When the microprocessor U1 is at a safe ignition time or a timing burning time, a reverse voltage is outputted, and Q4 is turned off by D2 to cut off the voltages of the ignition circuit 16, the differential pressure valve control circuit 18, and the flame signal sensing circuit 20. Let it stop the established action and ensure safety.

Of course, the above embodiments may be modified without departing from the scope of the present invention, and all the matters included in the above description and the drawings should be regarded as illustrative, and not intended to limit the scope of patent application of the present invention. .
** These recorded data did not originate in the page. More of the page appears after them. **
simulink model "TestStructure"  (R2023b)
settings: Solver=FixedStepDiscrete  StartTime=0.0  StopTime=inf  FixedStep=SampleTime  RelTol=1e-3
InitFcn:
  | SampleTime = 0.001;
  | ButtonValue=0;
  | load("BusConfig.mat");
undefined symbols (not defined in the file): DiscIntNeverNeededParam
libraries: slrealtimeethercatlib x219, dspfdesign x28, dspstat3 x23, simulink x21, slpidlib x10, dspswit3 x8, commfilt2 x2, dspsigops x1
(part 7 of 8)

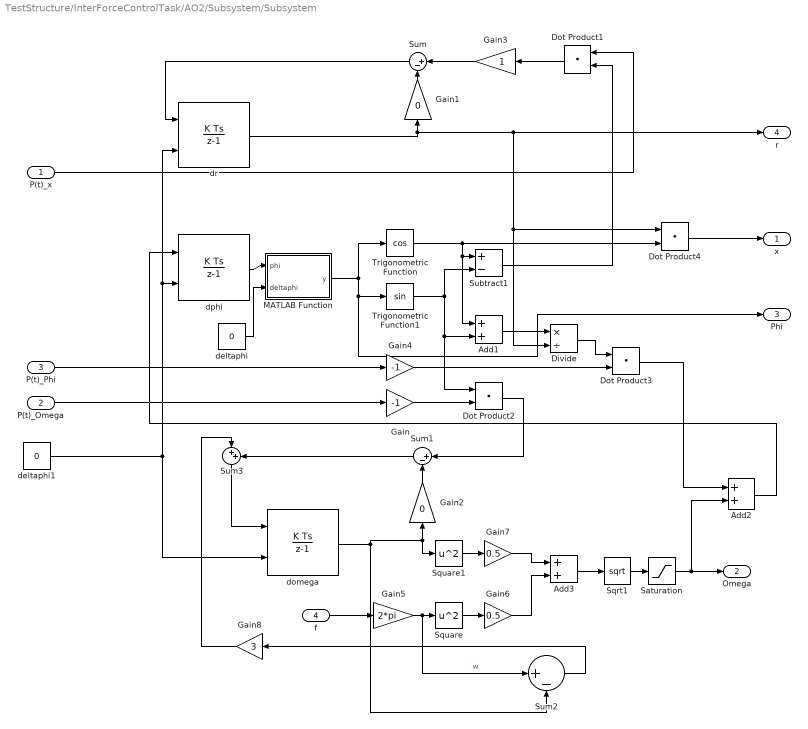
== system TestStructure/InterForceControlTask/AO2/Subsystem/Subsystem ==
  P(t)_x : Inport
  P(t)_Omega : Inport  Port=2
  P(t)_Phi : Inport  Port=3
  f : Inport  Port=4
  Add1 : Sum
  Add2 : Sum
  Add3 : Sum
  Divide : Product  Inputs=*/
  Dot Product{1..4} (4 alike) : DotProduct  OutDataTypeStr=Inherit: Inherit via internal rule
  Gain : Gain  Gain=-1
  Gain1 : Gain  Gain=0
  Gain2 : Gain  Gain=0
  Gain3 : Gain
  Gain4 : Gain  Gain=-1
  Gain5 : Gain  Gain=2*pi
  Gain6 : Gain  Gain=0.5
  Gain7 : Gain  Gain=0.5
  Gain8 : Gain  Gain=3
  MATLAB Function : MATLAB Function  TreatAsAtomicUnit=on
  Saturation : Saturate  UpperLimit=2*pi*1  LowerLimit=2*pi*0.15
  Sqrt1 : Sqrt
  Square : Math  Operator=square
  Square1 : Math  Operator=square
  Subtract1 : Sum  Inputs=+-
  Sum : Sum  Inputs=|+-
  Sum1 : Sum  Inputs=|+-
  Sum2 : Sum  Inputs=|+-
  Sum3 : Sum  Inputs=|++
  Trigonometric Function : Trigonometry  Operator=cos
  Trigonometric Function1 : Trigonometry
  deltaphi : Constant  Value=0
  deltaphi1 : Constant  Value=0
  domega : DiscreteIntegrator  ExternalReset=falling  InitialCondition=0.3*2*pi  SampleTime=-1  LimitOutput=on  UpperSaturationLimit=2*pi*0.9  LowerSaturationLimit=2*pi*0.15  ICPrevOutput=DiscIntNeverNeededParam  ICPrevScaledInput=DiscIntNeverNeededParam
  dphi : DiscreteIntegrator  ExternalReset=falling  InitialCondition=1  SampleTime=-1  ICPrevOutput=DiscIntNeverNeededParam  ICPrevScaledInput=DiscIntNeverNeededParam
  dr : DiscreteIntegrator  ExternalReset=falling  InitialCondition=1  SampleTime=-1  ICPrevOutput=DiscIntNeverNeededParam  ICPrevScaledInput=DiscIntNeverNeededParam
  x : Outport
  Omega : Outport  Port=2
  Phi : Outport  Port=3
  r : Outport  Port=4
  wires:
  Gain8/1 -> Sum3/1
  Sum3/1 -> domega/1
  Sum2/1 -> Gain8/1
  Gain6/1 -> Add3/2
  Gain7/1 -> Add3/1
  domega/1 -> Sum2/2, Gain2/1, Square1/1
  Square1/1 -> Gain7/1
  f/1 -> Gain5/1
  Square/1 -> Gain6/1
  Gain5/1 -> Square/1, Sum2/1  "w"
  Saturation/1 -> Omega/1, Add2/2
  Sqrt1/1 -> Saturation/1
  Add3/1 -> Sqrt1/1
  Gain4/1 -> Dot Product3/2
  P(t)_Omega/1 -> Gain/1
  P(t)_x/1 -> Dot Product1/1
  P(t)_Phi/1 -> Gain4/1
  Trigonometric Function/1 -> Dot Product4/2, Subtract1/1, Add1/1
  deltaphi1/1 -> domega/2, dphi/2, dr/2
  Gain3/1 -> Sum/1
  Sum/1 -> dr/1
  Gain2/1 -> Sum1/2
  Sum1/1 -> Sum3/2
  Gain1/1 -> Sum/2
  dr/1 -> r/1, Dot Product4/1, Divide/2, Gain1/1
  deltaphi/1 -> MATLAB Function/2(deltaphi)
  dphi/1 -> MATLAB Function/1(phi)
  Divide/1 -> Dot Product3/1
  Subtract1/1 -> Dot Product1/2
  Dot Product3/1 -> Add2/1
  Dot Product1/1 -> Gain3/1
  Trigonometric Function1/1 -> Dot Product2/1, Add1/2, Subtract1/2
  Dot Product4/1 -> x/1
  Gain/1 -> Dot Product2/2
  Dot Product2/1 -> Sum1/1
  MATLAB Function/1(y) -> Trigonometric Function1/1, Phi/1, Trigonometric Function/1
  Add1/1 -> Divide/1
  Add2/1 -> dphi/1

== system TestStructure/InterForceControlTask/AO2/Subsystem/Subsystem1 ==
  P(t)_x : Inport
  P(t)_Phi : Inport  Port=2
  Omega : Inport  Port=3
  Add1 : Sum
  Add2 : Sum
  Divide : Product  Inputs=*/
  Dot Product1 : DotProduct  OutDataTypeStr=Inherit: Inherit via internal rule
  Dot Product3 : DotProduct  OutDataTypeStr=Inherit: Inherit via internal rule
  Dot Product4 : DotProduct  OutDataTypeStr=Inherit: Inherit via internal rule
  Gain : Gain  Gain=2
  Gain1 : Gain  Gain=0
  Gain3 : Gain
  Gain4 : Gain  Gain=-1
  MATLAB Function : MATLAB Function  TreatAsAtomicUnit=on
  Subtract1 : Sum  Inputs=+-
  Sum : Sum  Inputs=|+-
  Trigonometric Function : Trigonometry  Operator=cos
  Trigonometric Function1 : Trigonometry
  deltaphi : Constant  Value=0
  deltaphi1 : Constant  Value=0
  dphi : DiscreteIntegrator  ExternalReset=falling  InitialCondition=1  SampleTime=-1  ICPrevOutput=DiscIntNeverNeededParam  ICPrevScaledInput=DiscIntNeverNeededParam
  dr : DiscreteIntegrator  ExternalReset=falling  InitialCondition=1  SampleTime=-1  ICPrevOutput=DiscIntNeverNeededParam  ICPrevScaledInput=DiscIntNeverNeededParam
  x : Outport
  Phi : Outport  Port=2
  r : Outport  Port=3
  wires:
  Gain/1 -> Add2/2
  Gain4/1 -> Dot Product3/2
  P(t)_x/1 -> Dot Product1/1
  P(t)_Phi/1 -> Gain4/1
  Trigonometric Function/1 -> Dot Product4/2, Subtract1/1, Add1/1
  deltaphi1/1 -> dphi/2, dr/2
  Gain3/1 -> Sum/1
  Sum/1 -> dr/1
  Gain1/1 -> Sum/2
  dr/1 -> Gain1/1, r/1, Dot Product4/1, Divide/2
  deltaphi/1 -> MATLAB Function/2(deltaphi)
  dphi/1 -> MATLAB Function/1(phi)
  Divide/1 -> Dot Product3/1
  Subtract1/1 -> Dot Product1/2
  Dot Product3/1 -> Add2/1
  Dot Product1/1 -> Gain3/1
  Omega/1 -> Gain/1
  Trigonometric Function1/1 -> Add1/2, Subtract1/2
  Dot Product4/1 -> x/1
  MATLAB Function/1(y) -> Trigonometric Function1/1, Phi/1, Trigonometric Function/1
  Add1/1 -> Divide/1
  Add2/1 -> dphi/1

== system TestStructure/InterForceControlTask/AO2/Subsystem/Subsystem2 ==
  note: 交替打腿 7.5 0.7
  T(t) : Inport
  X(t) : Inport  Port=2
  Reset : Inport  Port=3
  0.1 : Gain  Gain=12
  0.2 : Gain  Gain=60
  0.3 : Gain  Gain=10
  0.4 : Gain  Gain=4
  Abs : Abs  SaturateOnIntegerOverflow=off
  Abs1 : Abs  SaturateOnIntegerOverflow=off
  Add3 : Sum  Inputs=+-+
  Add4 : Sum  Inputs=+-+
  Discrete Derivative : simulink/Discrete/Discrete Derivative  gainval=1.0  ICPrevScaledInput=0.0  OutMin=[]  OutMax=[]  OutDataType=fixdt(1, 16)  OutScaling=2^-10  DoSatur=off
  Discrete Derivative1 : simulink/Discrete/Discrete Derivative  gainval=1.0  ICPrevScaledInput=0.0  OutMin=[]  OutMax=[]  OutDataType=fixdt(1, 16)  OutScaling=2^-10  DoSatur=off
  Discrete-Time Integrator3 : DiscreteIntegrator  ExternalReset=falling  InitialCondition=0.1  SampleTime=-1  ICPrevOutput=DiscIntNeverNeededParam  ICPrevScaledInput=DiscIntNeverNeededParam
  Discrete-Time Integrator4 : DiscreteIntegrator  ExternalReset=falling  InitialCondition=0.01  SampleTime=-1  ICPrevOutput=DiscIntNeverNeededParam  ICPrevScaledInput=DiscIntNeverNeededParam
  Dot Product{1..3,5..7,10} (7 alike) : DotProduct  OutDataTypeStr=Inherit: Inherit via internal rule
  Gain : Gain  Gain=10
  Gain1 : Gain  Gain=3
  Saturation : Saturate  UpperLimit=40  LowerLimit=0
  Saturation3 : Saturate  UpperLimit=40  LowerLimit=0
  Subtract2 : Sum
  Sum1 : Sum  Inputs=-+|
  Sum2 : Sum  Inputs=-+|
  amp1 : Gain
  amp2 : Gain
  eta_0 : Constant  Value=2
  eta_1 : Constant
  eta_2 : Constant  Value=20
  P(t)_x : Outport
  P(t)_Omega : Outport  Port=2
  P(t)_Phi : Outport  Port=3
  P : Outport  Port=4
  wires:
  Gain1/1 -> P(t)_Phi/1
  Gain/1 -> P(t)_Omega/1
  Dot Product3/1 -> P(t)_x/1  "P"
  Dot Product2/1 -> Gain1/1  "P"
  Subtract2/1 -> Dot Product1/2, Dot Product2/2, P/1, Dot Product3/2  "P"
  Dot Product5/1 -> Abs/1
  Discrete Derivative1/1 -> Sum2/2
  Discrete Derivative/1 -> Sum2/1
  Reset/1 -> Discrete-Time Integrator4/2, Discrete-Time Integrator3/2
  0.4/1 -> Add4/2
  0.3/1 -> Add3/2
  Saturation3/1 -> Subtract2/2, Dot Product7/2
  amp2/1 -> Dot Product5/1
  Saturation/1 -> Dot Product5/2, Subtract2/1
  Dot Product1/1 -> Gain/1  "P"
  Abs1/1 -> Dot Product6/2
  eta_0/1 -> Add3/1
  Dot Product6/1 -> 0.2/1  "eta"
  Abs/1 -> Dot Product10/2
  eta_1/1 -> Dot Product10/1, Dot Product6/1
  amp1/1 -> Dot Product1/1, Dot Product3/1, Dot Product2/1, Dot Product7/1  "eta"
  Sum2/1 -> amp2/1
  Sum1/1 -> amp1/1  "F"
  T(t)/1 -> Sum1/2, Discrete Derivative1/1
  Add3/1 -> Discrete-Time Integrator4/1
  X(t)/1 -> Discrete Derivative/1, Sum1/1
  eta_2/1 -> Add4/1
  Add4/1 -> Discrete-Time Integrator3/1
  0.1/1 -> Add3/3
  Discrete-Time Integrator4/1 -> Saturation/1, 0.3/1  "eta"
  Dot Product10/1 -> 0.1/1  "eta"
  Dot Product7/1 -> Abs1/1
  0.2/1 -> Add4/3
  Discrete-Time Integrator3/1 -> Saturation3/1, 0.4/1  "eta"

== system TestStructure/InterForceControlTask/AO2/Subsystem/Subsystem3 ==
  P(t)_x : Inport
  Omega : Inport  Port=2
  P(t)_Phi : Inport  Port=3
  Add1 : Sum
  Add2 : Sum
  Divide : Product  Inputs=*/
  Dot Product1 : DotProduct  OutDataTypeStr=Inherit: Inherit via internal rule
  Dot Product3 : DotProduct  OutDataTypeStr=Inherit: Inherit via internal rule
  Dot Product4 : DotProduct  OutDataTypeStr=Inherit: Inherit via internal rule
  Gain : Gain  Gain=3
  Gain1 : Gain  Gain=0
  Gain3 : Gain
  Gain4 : Gain  Gain=-1
  MATLAB Function : MATLAB Function  TreatAsAtomicUnit=on
  Subtract1 : Sum  Inputs=+-
  Sum : Sum  Inputs=|+-
  Trigonometric Function : Trigonometry  Operator=cos
  Trigonometric Function1 : Trigonometry
  d : Constant  Value=0
  deltaphi : Constant  Value=0
  dphi : DiscreteIntegrator  ExternalReset=falling  InitialCondition=1  SampleTime=-1  ICPrevOutput=DiscIntNeverNeededParam  ICPrevScaledInput=DiscIntNeverNeededParam
  dr : DiscreteIntegrator  ExternalReset=falling  InitialCondition=1  SampleTime=-1  ICPrevOutput=DiscIntNeverNeededParam  ICPrevScaledInput=DiscIntNeverNeededParam
  x : Outport
  Phi : Outport  Port=2
  r : Outport  Port=3
  wires:
  Gain/1 -> Add2/2
  Gain4/1 -> Dot Product3/2
  P(t)_x/1 -> Dot Product1/1
  P(t)_Phi/1 -> Gain4/1
  Trigonometric Function/1 -> Dot Product4/2, Subtract1/1, Add1/1
  d/1 -> dphi/2, dr/2
  Gain3/1 -> Sum/1
  Sum/1 -> dr/1
  Gain1/1 -> Sum/2
  dr/1 -> Gain1/1, r/1, Dot Product4/1, Divide/2
  deltaphi/1 -> MATLAB Function/2(deltaphi)
  dphi/1 -> MATLAB Function/1(phi)
  Divide/1 -> Dot Product3/1
  Subtract1/1 -> Dot Product1/2
  Dot Product3/1 -> Add2/1
  Dot Product1/1 -> Gain3/1
  Omega/1 -> Gain/1
  Trigonometric Function1/1 -> Add1/2, Subtract1/2
  Dot Product4/1 -> x/1
  MATLAB Function/1(y) -> Trigonometric Function1/1, Phi/1, Trigonometric Function/1
  Add1/1 -> Divide/1
  Add2/1 -> dphi/1

== system TestStructure/InterForceControlTask/AO2/Subsystem/Subsystem5 ==
  P(t)_x : Inport
  P(t)_Phi : Inport  Port=2
  Omega : Inport  Port=3
  Add1 : Sum
  Add2 : Sum
  Divide : Product  Inputs=*/
  Dot Product1 : DotProduct  OutDataTypeStr=Inherit: Inherit via internal rule
  Dot Product3 : DotProduct  OutDataTypeStr=Inherit: Inherit via internal rule
  Dot Product4 : DotProduct  OutDataTypeStr=Inherit: Inherit via internal rule
  Gain : Gain  Gain=4
  Gain1 : Gain  Gain=0
  Gain3 : Gain
  Gain4 : Gain  Gain=-1
  MATLAB Function : MATLAB Function  TreatAsAtomicUnit=on
  Subtract1 : Sum  Inputs=+-
  Sum : Sum  Inputs=|+-
  Trigonometric Function : Trigonometry  Operator=cos
  Trigonometric Function1 : Trigonometry
  deltaphi : Constant  Value=0
  deltaphi1 : Constant  Value=0
  dphi : DiscreteIntegrator  ExternalReset=falling  InitialCondition=1  SampleTime=-1  ICPrevOutput=DiscIntNeverNeededParam  ICPrevScaledInput=DiscIntNeverNeededParam
  dr : DiscreteIntegrator  ExternalReset=falling  InitialCondition=1  SampleTime=-1  ICPrevOutput=DiscIntNeverNeededParam  ICPrevScaledInput=DiscIntNeverNeededParam
  x : Outport
  Phi : Outport  Port=2
  r : Outport  Port=3
  wires:
  Gain/1 -> Add2/2
  Gain4/1 -> Dot Product3/2
  P(t)_x/1 -> Dot Product1/1
  P(t)_Phi/1 -> Gain4/1
  Trigonometric Function/1 -> Dot Product4/2, Subtract1/1, Add1/1
  deltaphi1/1 -> dphi/2, dr/2
  Gain3/1 -> Sum/1
  Sum/1 -> dr/1
  Gain1/1 -> Sum/2
  dr/1 -> Gain1/1, r/1, Dot Product4/1, Divide/2
  deltaphi/1 -> MATLAB Function/2(deltaphi)
  dphi/1 -> MATLAB Function/1(phi)
  Divide/1 -> Dot Product3/1
  Subtract1/1 -> Dot Product1/2
  Dot Product3/1 -> Add2/1
  Dot Product1/1 -> Gain3/1
  Omega/1 -> Gain/1
  Trigonometric Function1/1 -> Add1/2, Subtract1/2
  Dot Product4/1 -> x/1
  MATLAB Function/1(y) -> Trigonometric Function1/1, Phi/1, Trigonometric Function/1
  Add1/1 -> Divide/1
  Add2/1 -> dphi/1

== system TestStructure/InterForceControlTask/AO2/Subsystem1/Subsystem ==
  Peaks : Inport
  Constant3 : Constant
  Discrete-Time Integrator : DiscreteIntegrator  ExternalReset=rising  SampleTime=-1  ICPrevOutput=DiscIntNeverNeededParam  ICPrevScaledInput=DiscIntNeverNeededParam
  If : If  IfExpression=u1 == 1
  If Action Subsystem : Subsystem  TreatAsAtomicUnit=on
  If Action Subsystem1 : Subsystem  TreatAsAtomicUnit=on
  Memory : Memory
  Merge : Merge
  Triggered Subsystem : Subsystem  TreatAsAtomicUnit=on
  t-t_start : Outport
  wires:
  Memory/1 -> Triggered Subsystem/1(In1)
  Triggered Subsystem/1(t-t_start) -> t-t_start/1
  If Action Subsystem/1(Out1) -> Merge/1
  If Action Subsystem1/1(Out1) -> Merge/2
  Constant3/1 -> Discrete-Time Integrator/1
  If/1 -> If Action Subsystem/Action
  Merge/1 -> Triggered Subsystem/Trigger, Discrete-Time Integrator/2
  If/2 -> If Action Subsystem1/Action
  Peaks/1 -> If/1
  Discrete-Time Integrator/1 -> Memory/1

== system TestStructure/InterForceControlTask/AO2/Subsystem1/ZeroCrossFinder ==
  q : Inport
  Discrete Derivative : simulink/Discrete/Discrete Derivative  gainval=1.0  ICPrevScaledInput=0.0  OutMin=[]  OutMax=[]  OutDataType=fixdt(1, 16)  OutScaling=2^-10  DoSatur=off
  If : If
  If Action Subsystem : Subsystem  TreatAsAtomicUnit=on
  If Action Subsystem1 : Subsystem  TreatAsAtomicUnit=on
  Merge : Merge
  Moving Maximum : dspstat3/Moving Maximum  SpecifyWindowLength=on  WindowLength=3  SimulateUsing=Code generation
  Moving Minimum : dspstat3/Moving Minimum  SpecifyWindowLength=on  WindowLength=3  SimulateUsing=Code generation
  Sign : Signum
  Cross : Outport
  wires:
  Moving Maximum/1 -> If Action Subsystem1/2(WindowMax)
  Moving Minimum/1 -> If Action Subsystem/2(WindowMin)
  q/1 -> Moving Maximum/1, Discrete Derivative/1, If Action Subsystem/1(q), If Action Subsystem1/1(q), Moving Minimum/1
  If Action Subsystem1/1(Out1) -> Merge/2
  If Action Subsystem/1(Out1) -> Merge/1
  Merge/1 -> Cross/1
  If/2 -> If Action Subsystem1/Action
  If/1 -> If Action Subsystem/Action
  Sign/1 -> If/1
  Discrete Derivative/1 -> Sign/1

== system TestStructure/InterForceControlTask/AO3/PhaseCorrection/If Action Subsystem ==
  Action Port : ActionPort
  Constant : Constant
  Out1 : Outport
  wires:
  Constant/1 -> Out1/1

== system TestStructure/InterForceControlTask/AO3/PhaseCorrection/If Action Subsystem1 ==
  Action Port : ActionPort
  Constant : Constant  Value=0
  Out1 : Outport
  wires:
  Constant/1 -> Out1/1

== system TestStructure/InterForceControlTask/AO3/Select/If Action Subsystem ==
  Phi : Inport
  Phase0 : Inport  Port=2
  Action Port : ActionPort  InitializeStates=reset
  Counter1 : dspswit3/Counter  Direction=Up  CountEvent=Rising edge  CounterSize=8 bits  MaxCount=255  InitialCount=0  Output=Count  HitValue=32  ResetInput=off  SamplesPerFrame=1  Ts=1  CntDtype=double  HitDtype=Logical
  If : If
  If Action Subsystem : Subsystem  TreatAsAtomicUnit=on
  If Action Subsystem1 : Subsystem  TreatAsAtomicUnit=on
  Merge : Merge
  Merge1 : Merge
  Phi_Out : Outport
  Phase0Event : Outport  Port=2
  wires:
  Phase0/1 -> If Action Subsystem/2(Phase0), Counter1/1
  Phi/1 -> If Action Subsystem/1(Phi)
  Counter1/1 -> If/1
  Merge/1 -> Phi_Out/1
  If/1 -> If Action Subsystem/Action
  If Action Subsystem/1(Out1) -> Merge/1
  If/2 -> If Action Subsystem1/Action
  If Action Subsystem1/1(Out1) -> Merge/2
  Merge1/1 -> Phase0Event/1
  If Action Subsystem1/2(Out2) -> Merge1/2
  If Action Subsystem/2(Out2) -> Merge1/1

== system TestStructure/InterForceControlTask/AO3/Select/If Action Subsystem1 ==
  Action Port : ActionPort
  Constant : Constant  Value=0
  Constant1 : Constant  Value=0
  Out1 : Outport
  Out2 : Outport  Port=2
  wires:
  Constant1/1 -> Out2/1
  Constant/1 -> Out1/1

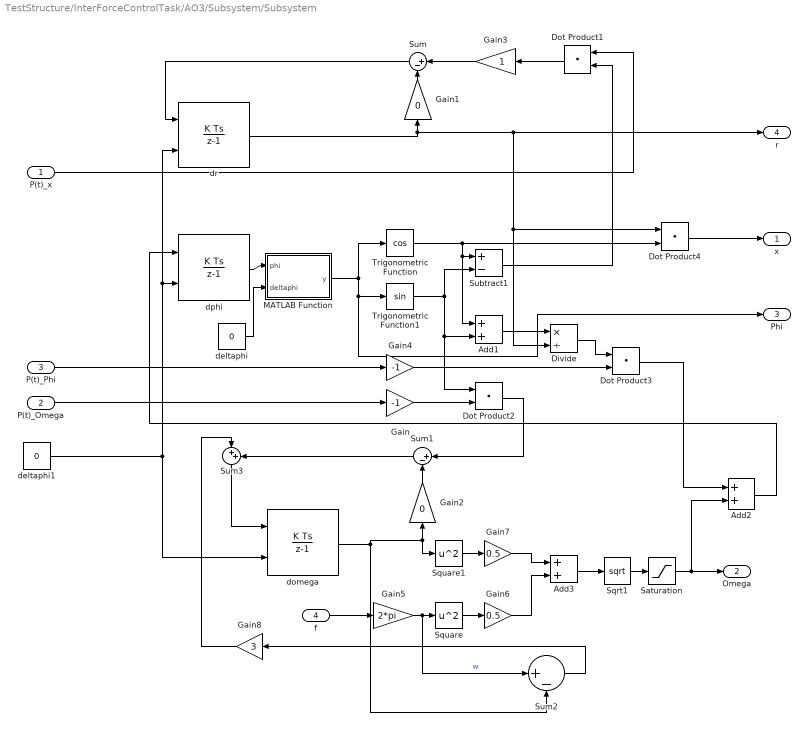
== system TestStructure/InterForceControlTask/AO3/Subsystem/Subsystem ==
  P(t)_x : Inport
  P(t)_Omega : Inport  Port=2
  P(t)_Phi : Inport  Port=3
  f : Inport  Port=4
  Add1 : Sum
  Add2 : Sum
  Add3 : Sum
  Divide : Product  Inputs=*/
  Dot Product{1..4} (4 alike) : DotProduct  OutDataTypeStr=Inherit: Inherit via internal rule
  Gain : Gain  Gain=-1
  Gain1 : Gain  Gain=0
  Gain2 : Gain  Gain=0
  Gain3 : Gain
  Gain4 : Gain  Gain=-1
  Gain5 : Gain  Gain=2*pi
  Gain6 : Gain  Gain=0.5
  Gain7 : Gain  Gain=0.5
  Gain8 : Gain  Gain=3
  MATLAB Function : MATLAB Function  TreatAsAtomicUnit=on
  Saturation : Saturate  UpperLimit=2*pi*1  LowerLimit=2*pi*0.15
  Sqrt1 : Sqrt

10‧‧‧Electronic ignition controller

12‧‧‧Microprocessor and peripheral circuits

14‧‧‧Power boost circuit

16‧‧‧Ignition circuit

18‧‧‧ Differential valve control circuit

20‧‧‧Flame signal sensing circuit

22‧‧‧Power Control Circuit

24‧‧‧Weak electricity indication circuit

Claims (4)

A gas water heater electronic ignition controller comprises: a microprocessor and peripheral circuit for performing a timing function including a safe ignition time and a timing combustion time; and a power supply boost circuit for raising a battery voltage to The operating voltage required by the microprocessor; an ignition circuit for generating a high voltage flow required to generate a spark to ignite the gas to form a flame; and a differential pressure valve control circuit for controlling the normally closed solenoid valve on a differential pressure valve And a normally open electromagnetic valve opening and closing; a flame signal sensing circuit for sensing the signal of the flame feedback; and a power control circuit for supplying and cutting the ignition circuit, the differential pressure valve control circuit and the flame signal sensing circuit The voltage control circuit is configured to obtain a voltage via a water pan switch when a hot water tap is opened to supply a voltage to the ignition circuit, the differential pressure valve control circuit and the flame signal sensing circuit. Performing a predetermined function separately; the microprocessor outputs a reverse voltage when the safe ignition time or the timing combustion time expires Circuit is turned off, the high voltage ignition circuit, the control circuit and the differential pressure valve fire signal sensing circuit stops operating. The gas water heater electronic ignition controller of claim 1, wherein the reverse voltage output by the microprocessor is transmitted to the power control circuit via a diode. The gas water heater electronic ignition controller of claim 1, wherein the reverse voltage output by the microprocessor is transmitted to the power supply control circuit via a transistor. The gas water heater electronic ignition controller according to claim 1, which further comprises a The weak current indicating circuit outputs a voltage for lighting an LED when the weak electric indicating circuit senses that the battery voltage is lower than a preset voltage.